### Task requirements
Would you give again, exactly as written, the lines from the opening of the records to the line with "doc.linetypes.add('HIDDEN2', pattern=[4.7625, 3.175, -1.5875])", that line included and pictures excluded?

### Data for review
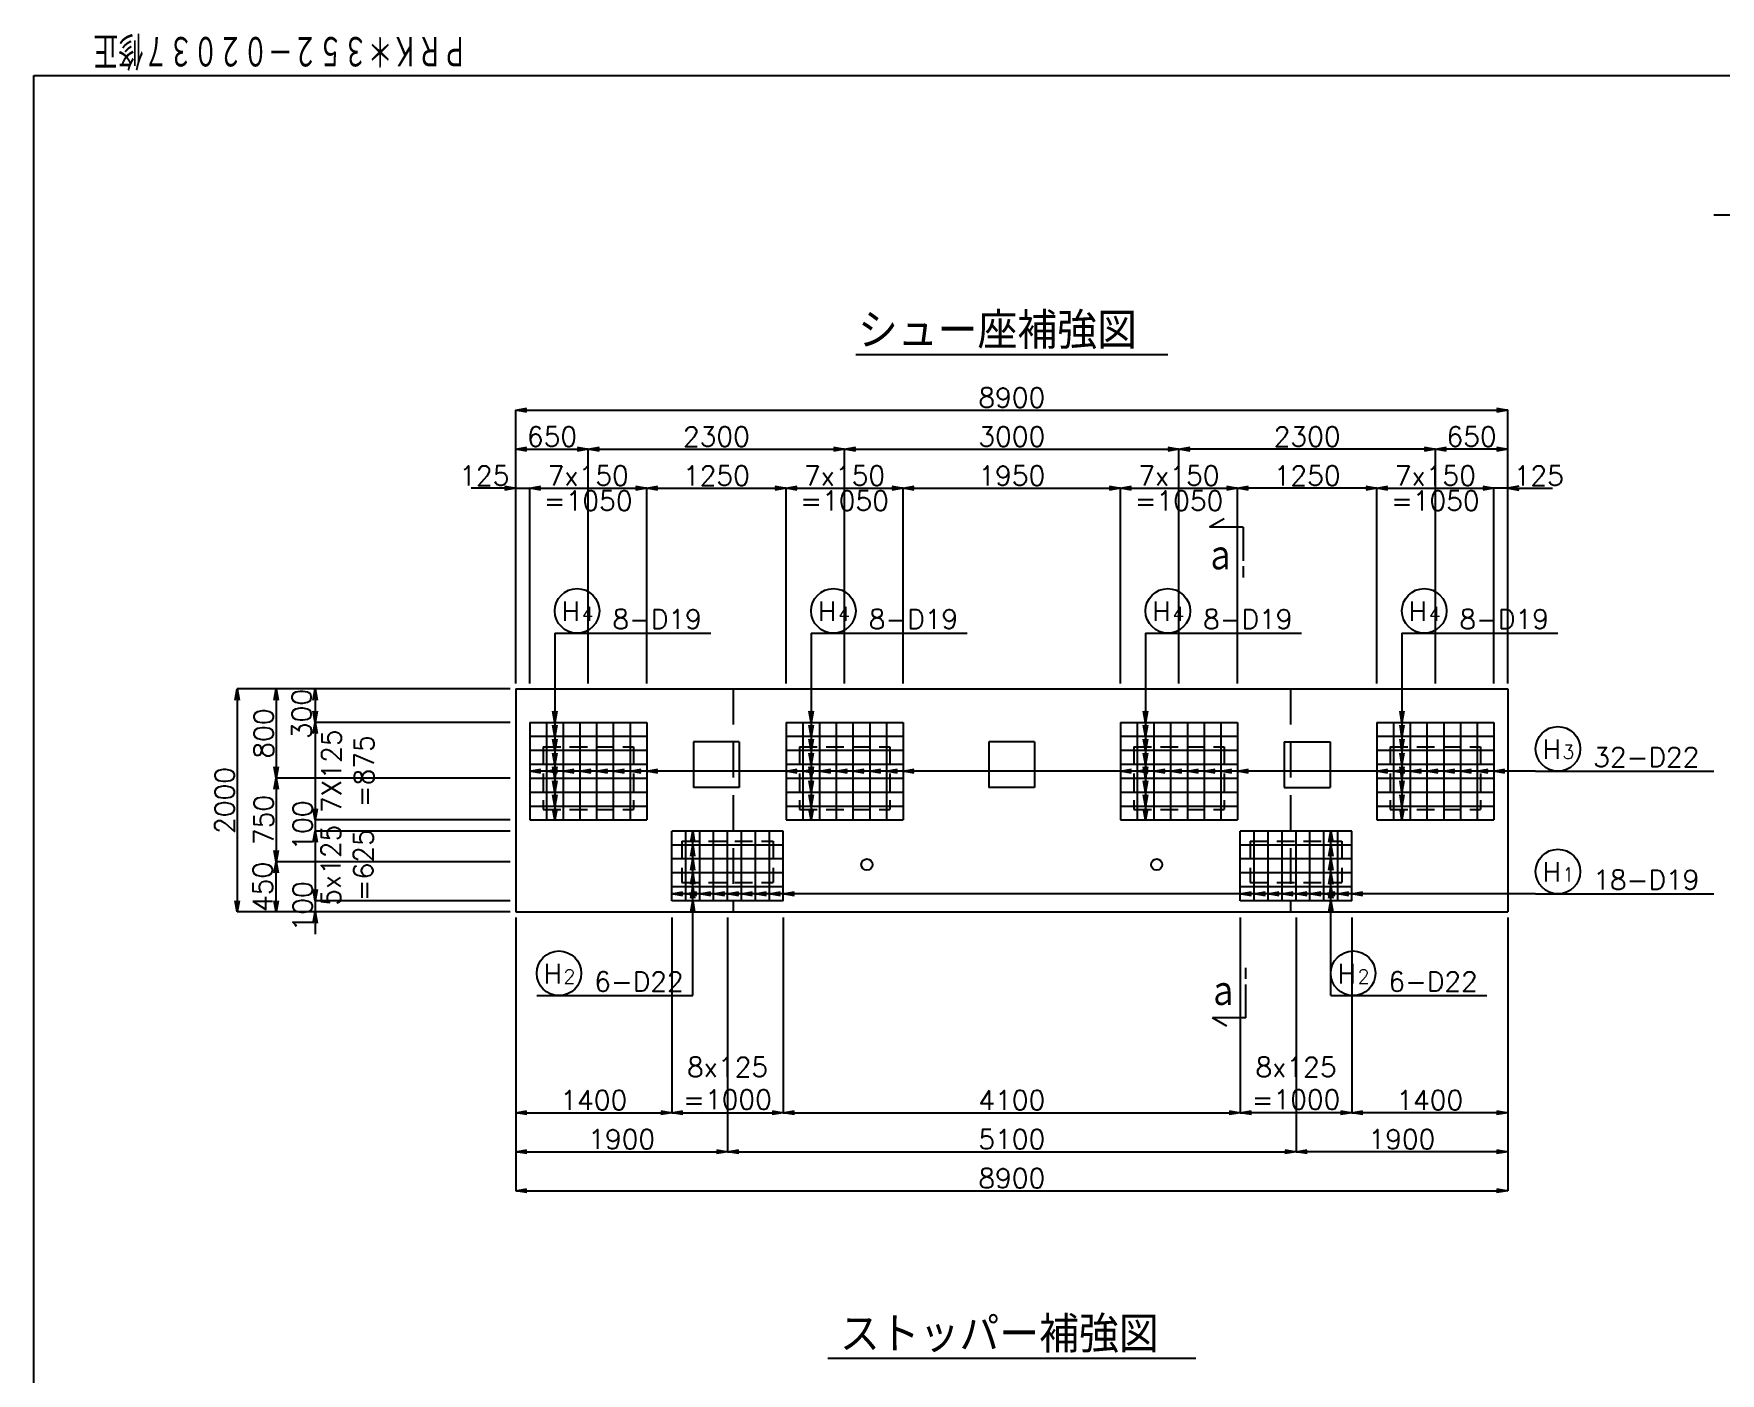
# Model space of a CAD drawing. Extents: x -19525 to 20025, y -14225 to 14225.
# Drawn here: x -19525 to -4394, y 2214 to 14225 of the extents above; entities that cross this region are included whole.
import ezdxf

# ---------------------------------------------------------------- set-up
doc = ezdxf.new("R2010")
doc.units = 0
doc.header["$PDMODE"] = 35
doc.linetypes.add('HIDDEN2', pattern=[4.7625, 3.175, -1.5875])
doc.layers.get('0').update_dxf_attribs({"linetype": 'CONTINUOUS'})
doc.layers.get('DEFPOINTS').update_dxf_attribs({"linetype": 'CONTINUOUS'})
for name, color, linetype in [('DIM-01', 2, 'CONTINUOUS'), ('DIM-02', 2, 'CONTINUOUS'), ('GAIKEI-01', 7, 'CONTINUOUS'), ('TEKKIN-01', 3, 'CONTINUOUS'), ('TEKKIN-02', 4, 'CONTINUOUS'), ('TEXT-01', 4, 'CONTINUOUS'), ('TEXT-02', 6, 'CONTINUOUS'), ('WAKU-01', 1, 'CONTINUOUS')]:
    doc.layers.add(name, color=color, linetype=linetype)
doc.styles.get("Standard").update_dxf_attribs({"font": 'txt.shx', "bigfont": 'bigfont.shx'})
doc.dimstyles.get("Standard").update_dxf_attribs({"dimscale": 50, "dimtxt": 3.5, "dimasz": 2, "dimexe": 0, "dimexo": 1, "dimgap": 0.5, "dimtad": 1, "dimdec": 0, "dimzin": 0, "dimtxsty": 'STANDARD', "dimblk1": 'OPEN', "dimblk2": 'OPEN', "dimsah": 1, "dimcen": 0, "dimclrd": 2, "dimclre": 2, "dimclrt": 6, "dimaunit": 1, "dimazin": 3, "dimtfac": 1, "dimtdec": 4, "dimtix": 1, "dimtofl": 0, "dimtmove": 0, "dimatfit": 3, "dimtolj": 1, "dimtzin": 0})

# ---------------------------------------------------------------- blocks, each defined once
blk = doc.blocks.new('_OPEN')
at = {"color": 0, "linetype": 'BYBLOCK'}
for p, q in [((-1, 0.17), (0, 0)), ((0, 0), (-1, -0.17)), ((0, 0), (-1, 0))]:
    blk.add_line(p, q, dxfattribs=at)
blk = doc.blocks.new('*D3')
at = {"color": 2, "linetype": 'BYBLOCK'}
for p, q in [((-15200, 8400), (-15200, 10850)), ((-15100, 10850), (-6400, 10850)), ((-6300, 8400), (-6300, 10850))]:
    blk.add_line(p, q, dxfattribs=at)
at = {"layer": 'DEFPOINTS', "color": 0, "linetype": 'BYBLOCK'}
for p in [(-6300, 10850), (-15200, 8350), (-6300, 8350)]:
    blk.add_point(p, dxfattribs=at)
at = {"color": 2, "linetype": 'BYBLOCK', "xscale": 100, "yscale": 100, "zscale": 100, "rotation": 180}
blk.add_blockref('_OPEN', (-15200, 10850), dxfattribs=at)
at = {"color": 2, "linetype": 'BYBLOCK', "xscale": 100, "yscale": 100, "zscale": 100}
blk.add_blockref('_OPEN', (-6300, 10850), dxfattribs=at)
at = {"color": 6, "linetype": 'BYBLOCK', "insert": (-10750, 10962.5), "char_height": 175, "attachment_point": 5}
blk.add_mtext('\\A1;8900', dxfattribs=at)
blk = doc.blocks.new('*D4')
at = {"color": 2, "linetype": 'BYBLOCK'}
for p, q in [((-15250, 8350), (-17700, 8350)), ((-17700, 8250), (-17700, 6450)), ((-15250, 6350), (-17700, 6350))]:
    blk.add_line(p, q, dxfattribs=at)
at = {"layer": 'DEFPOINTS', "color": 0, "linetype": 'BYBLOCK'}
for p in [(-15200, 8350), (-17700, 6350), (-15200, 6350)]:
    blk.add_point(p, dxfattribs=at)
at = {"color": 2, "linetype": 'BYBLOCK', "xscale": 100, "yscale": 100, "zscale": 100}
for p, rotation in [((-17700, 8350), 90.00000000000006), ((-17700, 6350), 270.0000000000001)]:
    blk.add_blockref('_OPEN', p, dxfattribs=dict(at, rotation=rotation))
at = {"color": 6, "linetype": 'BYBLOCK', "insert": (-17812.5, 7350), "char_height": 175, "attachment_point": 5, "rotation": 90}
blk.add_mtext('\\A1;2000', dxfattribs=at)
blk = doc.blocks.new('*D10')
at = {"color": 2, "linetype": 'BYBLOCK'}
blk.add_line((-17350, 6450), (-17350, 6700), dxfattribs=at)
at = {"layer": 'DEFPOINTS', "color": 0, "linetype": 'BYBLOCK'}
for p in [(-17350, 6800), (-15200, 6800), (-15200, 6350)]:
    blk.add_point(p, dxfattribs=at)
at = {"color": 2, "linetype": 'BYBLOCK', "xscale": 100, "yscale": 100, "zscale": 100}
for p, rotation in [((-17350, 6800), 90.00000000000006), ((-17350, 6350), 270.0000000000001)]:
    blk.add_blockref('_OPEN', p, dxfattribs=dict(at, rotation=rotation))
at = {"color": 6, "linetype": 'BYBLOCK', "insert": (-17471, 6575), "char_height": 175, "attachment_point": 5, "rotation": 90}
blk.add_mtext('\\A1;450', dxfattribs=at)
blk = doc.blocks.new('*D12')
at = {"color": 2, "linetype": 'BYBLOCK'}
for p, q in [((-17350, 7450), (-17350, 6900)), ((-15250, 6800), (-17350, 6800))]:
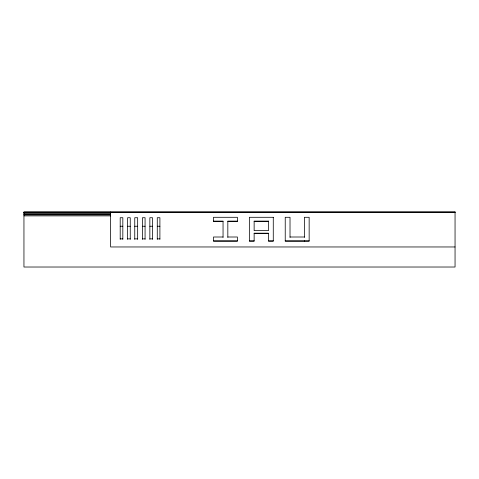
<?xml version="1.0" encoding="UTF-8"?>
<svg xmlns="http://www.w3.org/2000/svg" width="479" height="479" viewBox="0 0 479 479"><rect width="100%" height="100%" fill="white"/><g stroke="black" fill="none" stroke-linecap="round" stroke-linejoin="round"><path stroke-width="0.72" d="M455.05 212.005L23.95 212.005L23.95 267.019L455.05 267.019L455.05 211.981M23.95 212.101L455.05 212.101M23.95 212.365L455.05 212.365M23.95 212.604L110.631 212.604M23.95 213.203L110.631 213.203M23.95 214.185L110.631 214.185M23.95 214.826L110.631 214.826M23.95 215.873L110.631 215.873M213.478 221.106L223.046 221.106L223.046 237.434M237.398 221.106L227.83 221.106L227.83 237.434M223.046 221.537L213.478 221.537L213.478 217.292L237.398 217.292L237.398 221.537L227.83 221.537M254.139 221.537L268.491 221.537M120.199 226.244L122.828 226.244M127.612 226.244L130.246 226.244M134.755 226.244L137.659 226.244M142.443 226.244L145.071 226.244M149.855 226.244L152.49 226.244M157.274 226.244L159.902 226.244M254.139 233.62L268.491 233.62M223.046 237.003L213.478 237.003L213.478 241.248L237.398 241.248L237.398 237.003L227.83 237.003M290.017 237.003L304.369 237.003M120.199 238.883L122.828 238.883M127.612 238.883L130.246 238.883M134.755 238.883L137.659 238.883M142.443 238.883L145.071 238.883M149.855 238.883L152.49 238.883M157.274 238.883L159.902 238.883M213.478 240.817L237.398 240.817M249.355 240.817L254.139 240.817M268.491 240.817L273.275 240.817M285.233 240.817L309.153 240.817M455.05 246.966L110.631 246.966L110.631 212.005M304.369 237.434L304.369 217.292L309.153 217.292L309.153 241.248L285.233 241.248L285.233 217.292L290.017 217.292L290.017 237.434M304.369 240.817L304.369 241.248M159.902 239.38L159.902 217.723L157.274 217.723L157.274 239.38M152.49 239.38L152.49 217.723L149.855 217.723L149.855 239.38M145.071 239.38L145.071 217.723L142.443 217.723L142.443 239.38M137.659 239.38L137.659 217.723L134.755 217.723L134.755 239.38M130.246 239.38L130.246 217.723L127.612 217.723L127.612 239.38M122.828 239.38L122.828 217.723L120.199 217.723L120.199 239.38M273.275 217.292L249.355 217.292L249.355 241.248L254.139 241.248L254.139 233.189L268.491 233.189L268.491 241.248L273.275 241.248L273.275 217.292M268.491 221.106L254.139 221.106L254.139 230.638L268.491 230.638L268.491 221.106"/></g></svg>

### Output of the exercise
# Model space of a CAD drawing. Extents: x -19525 to 20025, y -14225 to 14225.
# Drawn here: x -19525 to -4394, y 2214 to 14225 of the extents above; entities that cross this region are included whole.
import ezdxf

# ---------------------------------------------------------------- set-up
doc = ezdxf.new("R2010")
doc.units = 0
doc.header["$PDMODE"] = 35
doc.linetypes.add('HIDDEN2', pattern=[4.7625, 3.175, -1.5875])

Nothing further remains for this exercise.